Every state will have partially lifted restrictions by Memorial Day, even though most have not seen the downward trend of new daily cases called for by the Trump administration.
Only 16 states have recorded a downward trend in new daily cases. White House guidelines for reopening suggest that states keep restrictions in place until they record a downward trajectory of cases in a 14-day period.
Prior to the release of White House reopening guidelines, former Food and Drug Administration Commissioner Scott Gottlieb said that states should see a steady two-week decline in new cases but said last week that it is not surprising to see cases increase in recently reopened states.
“Some of these increases [in new cases] are a function of more testing, but some rise in new cases, as states reopen, should also be expected,” Gottlieb said.
Georgia and other states that moved early to remove restrictions, however, have not yet seen an uptick in new cases.
Connecticut will be the last state to lift some restrictions on outdoor dining spaces, malls, and museums Wednesday. New York Gov. Andrew Cuomo announced Friday that state beaches will open in time for Memorial Day after governors in New Jersey, Connecticut, and Delaware announced they would open their beaches.
“If other states were opening and New York wasn’t, you would have millions of people from New York flooding those beaches,” Cuomo said. “That wouldn’t help anyone.”
Restaurants in some parts of Florida were permitted to reopen at 50% capacity Monday, and Texas Gov. Greg Abbott announced that child care centers, bars, and bowling alleys can open this week.

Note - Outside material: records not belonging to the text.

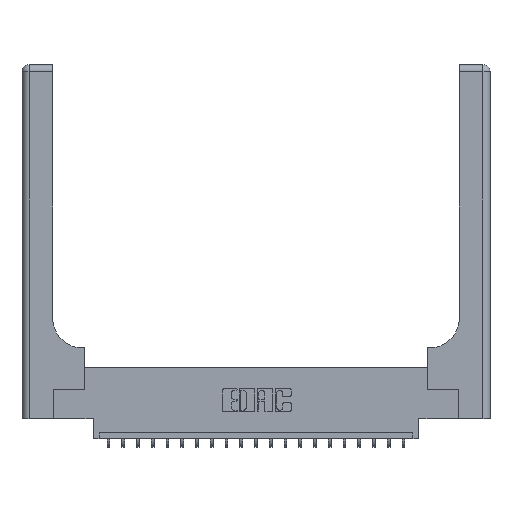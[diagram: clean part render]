
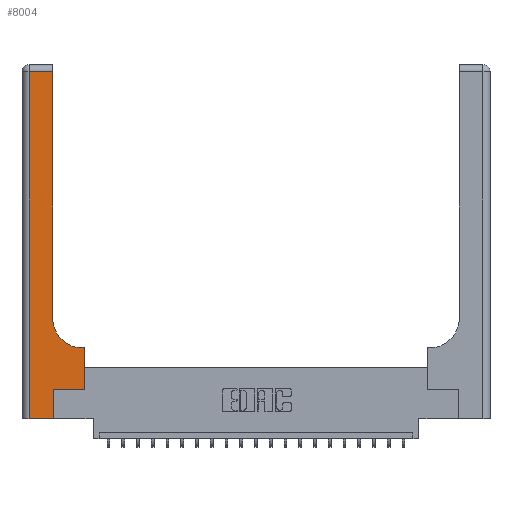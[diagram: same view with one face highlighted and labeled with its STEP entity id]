
A CAD part, top view. The second image highlights one B-rep face of the part: STEP entity #8004.
In plain terms, the highlighted planar face has unit normal (0, 0, 1).
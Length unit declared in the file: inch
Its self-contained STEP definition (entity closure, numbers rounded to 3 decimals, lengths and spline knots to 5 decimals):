
#139 = DIRECTION ( 'NONE',  ( 1., 0., 0. ) ) ;
#195 = VERTEX_POINT ( 'NONE', #5237 ) ;
#292 = ORIENTED_EDGE ( 'NONE', *, *, #7281, .T. ) ;
#694 = VECTOR ( 'NONE', #3284, 39.37008 ) ;
#792 = LINE ( 'NONE', #9459, #17234 ) ;
#831 = DIRECTION ( 'NONE',  ( 0., 1., 0. ) ) ;
#1504 = EDGE_CURVE ( 'NONE', #2372, #5062, #1699, .T. ) ;
#1699 = LINE ( 'NONE', #9031, #18096 ) ;
#1843 = CARTESIAN_POINT ( 'NONE',  ( 0., 0., 0.37 ) ) ;
#1953 = ORIENTED_EDGE ( 'NONE', *, *, #10798, .T. ) ;
#2227 = VECTOR ( 'NONE', #15557, 39.37008 ) ;
#2372 = VERTEX_POINT ( 'NONE', #16083 ) ;
#3246 = CARTESIAN_POINT ( 'NONE',  ( 0.265, 0., 0.37 ) ) ;
#3284 = DIRECTION ( 'NONE',  ( -1., 0., 0. ) ) ;
#3548 = AXIS2_PLACEMENT_3D ( 'NONE', #13962, #5789, #17233 ) ;
#3799 = LINE ( 'NONE', #13714, #11965 ) ;
#4118 = CARTESIAN_POINT ( 'NONE',  ( 0.265, 0.25, 0.37 ) ) ;
#5062 = VERTEX_POINT ( 'NONE', #11935 ) ;
#5063 = CARTESIAN_POINT ( 'NONE',  ( 0.265, 0., 0.37 ) ) ;
#5109 = LINE ( 'NONE', #13099, #694 ) ;
#5237 = CARTESIAN_POINT ( 'NONE',  ( 0.26, 2.94, 0.37 ) ) ;
#5389 = CARTESIAN_POINT ( 'NONE',  ( 0.06, 3., 0.37 ) ) ;
#5470 = ORIENTED_EDGE ( 'NONE', *, *, #7007, .T. ) ;
#5528 = DIRECTION ( 'NONE',  ( 0., 1., 0. ) ) ;
#5789 = DIRECTION ( 'NONE',  ( 0., 0., -1. ) ) ;
#6094 = VERTEX_POINT ( 'NONE', #11863 ) ;
#6706 = DIRECTION ( 'NONE',  ( 0., 1., 0. ) ) ;
#6985 = ORIENTED_EDGE ( 'NONE', *, *, #1504, .T. ) ;
#7007 = EDGE_CURVE ( 'NONE', #5062, #9812, #792, .T. ) ;
#7031 = DIRECTION ( 'NONE',  ( 0., -1., 0. ) ) ;
#7090 = LINE ( 'NONE', #4118, #2227 ) ;
#7281 = EDGE_CURVE ( 'NONE', #6094, #13573, #13150, .T. ) ;
#8004 = ADVANCED_FACE ( 'NONE', ( #15421 ), #18783, .F. ) ;
#9031 = CARTESIAN_POINT ( 'NONE',  ( 0.528, 0.25, 0.37 ) ) ;
#9459 = CARTESIAN_POINT ( 'NONE',  ( 0.26, 0.6, 0.37 ) ) ;
#9812 = VERTEX_POINT ( 'NONE', #17151 ) ;
#9993 = DIRECTION ( 'NONE',  ( 0., 0., -1. ) ) ;
#10012 = EDGE_CURVE ( 'NONE', #195, #6094, #5109, .T. ) ;
#10102 = EDGE_CURVE ( 'NONE', #13257, #14420, #20461, .T. ) ;
#10221 = ORIENTED_EDGE ( 'NONE', *, *, #14372, .T. ) ;
#10798 = EDGE_CURVE ( 'NONE', #16627, #195, #3799, .T. ) ;
#10967 = AXIS2_PLACEMENT_3D ( 'NONE', #19806, #9993, #139 ) ;
#11196 = CARTESIAN_POINT ( 'NONE',  ( 0.26, 0.85, 0.37 ) ) ;
#11824 = EDGE_LOOP ( 'NONE', ( #1953, #14927, #292, #10221, #21169, #12313, #6985, #5470, #13482 ) ) ;
#11863 = CARTESIAN_POINT ( 'NONE',  ( 0.06, 2.94, 0.37 ) ) ;
#11935 = CARTESIAN_POINT ( 'NONE',  ( 0.528, 0.6, 0.37 ) ) ;
#11965 = VECTOR ( 'NONE', #5528, 39.37008 ) ;
#12235 = EDGE_CURVE ( 'NONE', #9812, #16627, #17306, .T. ) ;
#12313 = ORIENTED_EDGE ( 'NONE', *, *, #19527, .T. ) ;
#13099 = CARTESIAN_POINT ( 'NONE',  ( 0., 2.94, 0.37 ) ) ;
#13150 = LINE ( 'NONE', #5389, #16448 ) ;
#13257 = VERTEX_POINT ( 'NONE', #3246 ) ;
#13471 = CARTESIAN_POINT ( 'NONE',  ( 0.265, 0.25, 0.37 ) ) ;
#13482 = ORIENTED_EDGE ( 'NONE', *, *, #12235, .T. ) ;
#13573 = VERTEX_POINT ( 'NONE', #15384 ) ;
#13714 = CARTESIAN_POINT ( 'NONE',  ( 0.26, 3., 0.37 ) ) ;
#13886 = VECTOR ( 'NONE', #18091, 39.37008 ) ;
#13962 = CARTESIAN_POINT ( 'NONE',  ( 0., 3., 0.37 ) ) ;
#14372 = EDGE_CURVE ( 'NONE', #13573, #13257, #18212, .T. ) ;
#14420 = VERTEX_POINT ( 'NONE', #13471 ) ;
#14927 = ORIENTED_EDGE ( 'NONE', *, *, #10012, .T. ) ;
#15384 = CARTESIAN_POINT ( 'NONE',  ( 0.06, 0., 0.37 ) ) ;
#15421 = FACE_OUTER_BOUND ( 'NONE', #11824, .T. ) ;
#15557 = DIRECTION ( 'NONE',  ( 1., 0., 0. ) ) ;
#16083 = CARTESIAN_POINT ( 'NONE',  ( 0.528, 0.25, 0.37 ) ) ;
#16121 = DIRECTION ( 'NONE',  ( -1., 0., 0. ) ) ;
#16448 = VECTOR ( 'NONE', #7031, 39.37008 ) ;
#16627 = VERTEX_POINT ( 'NONE', #11196 ) ;
#17151 = CARTESIAN_POINT ( 'NONE',  ( 0.51, 0.6, 0.37 ) ) ;
#17233 = DIRECTION ( 'NONE',  ( -1., 0., 0. ) ) ;
#17234 = VECTOR ( 'NONE', #16121, 39.37008 ) ;
#17306 = CIRCLE ( 'NONE', #10967, 0.25 ) ;
#17640 = VECTOR ( 'NONE', #6706, 39.37008 ) ;
#18091 = DIRECTION ( 'NONE',  ( 1., 0., 0. ) ) ;
#18096 = VECTOR ( 'NONE', #831, 39.37008 ) ;
#18212 = LINE ( 'NONE', #1843, #13886 ) ;
#18783 = PLANE ( 'NONE',  #3548 ) ;
#19527 = EDGE_CURVE ( 'NONE', #14420, #2372, #7090, .T. ) ;
#19806 = CARTESIAN_POINT ( 'NONE',  ( 0.51, 0.85, 0.37 ) ) ;
#20461 = LINE ( 'NONE', #5063, #17640 ) ;
#21169 = ORIENTED_EDGE ( 'NONE', *, *, #10102, .T. ) ;

Public health experts maintain that implementing a widespread testing system is the best way to reopen safely, but only a small fraction of the U.S. population has received a test — about 4%, according to the COVID Tracking Project.
The United States has recorded over 1.5 million coronavirus cases and nearly 92,000 deaths, according to Johns Hopkins University data.
Ohio Gov. Mike DeWine will replace some coronavirus restrictions that were part of the “Safe at Home” order implemented May 1 with “strong recommendations” that will allow more businesses to reopen. DeWine is calling it the “Urgent Health Advisory: Ohioans Protecting Ohioans” order.
Social distancing measures, such as maintaining a 6-foot distance from another person, will stay in place as part of the new “Ohioans Protecting Ohioans” advisory. The advisory also recommends that the most vulnerable Ohioans, mainly senior citizens, stay at home as much as possible.
Dr. Elinore McCance-Katz, the assistant secretary for mental health and substance use in the Department of Health and Human Services, said in a cabinet meeting Tuesday that the negative effect the coronavirus pandemic has had on people’s mental health will outlast the pandemic itself.
“The data tell us that when the lives of adults, children, and families are drastically changed for extended lengths of time, for many, anxiety, depression, and stress disorders will become manifest and will persist. These are real health conditions with potentially long-lasting consequences that must be taken seriously,” she said.
The nonpartisan Congressional Budget Office projected Monday that social distancing will continue into the second half of 2020, but to a lesser extent, and keep diminishing through the third quarter of 2021. The CBO predicted that economic conditions will improve following their sudden drop from the coronavirus shutdown but projected that the recovery would take time and take the form of a swoosh rather than the V-shaped recovery that President Trump predicted.
The office projected that in the second quarter of 2020, GDP will contract by 11%, and the number of people employed will be almost 26 million lower than during the fourth quarter of 2019. Unemployment will have only dropped to 8.6% by the end of 2021.
Greenhouse gas emissions have dropped 17% since the beginning of the coronavirus pandemic, fueled by strict lockdowns and travel restrictions implemented worldwide. In a new study published in the journal Nature Climate Change, researchers reported that daily carbon dioxide emissions dropped by about 18.7 million tons during the height of lockdowns in April. Drastic declines in transportation and manufacturing could drive a global decrease of up to 7% in 2020. A sustained decline is less likely, though, as states begin to reopen and transportation and industrial activities resume, according to the Washington Post.
“This is not the way to tackle climate change — it’s not going to happen by forcing behavior changes on people. We need to tackle it by helping people move to more sustainable ways of living,” said Corinne Le Quere, a professor of climate change science at the University of East Anglia in the United Kingdom, and the study’s lead author.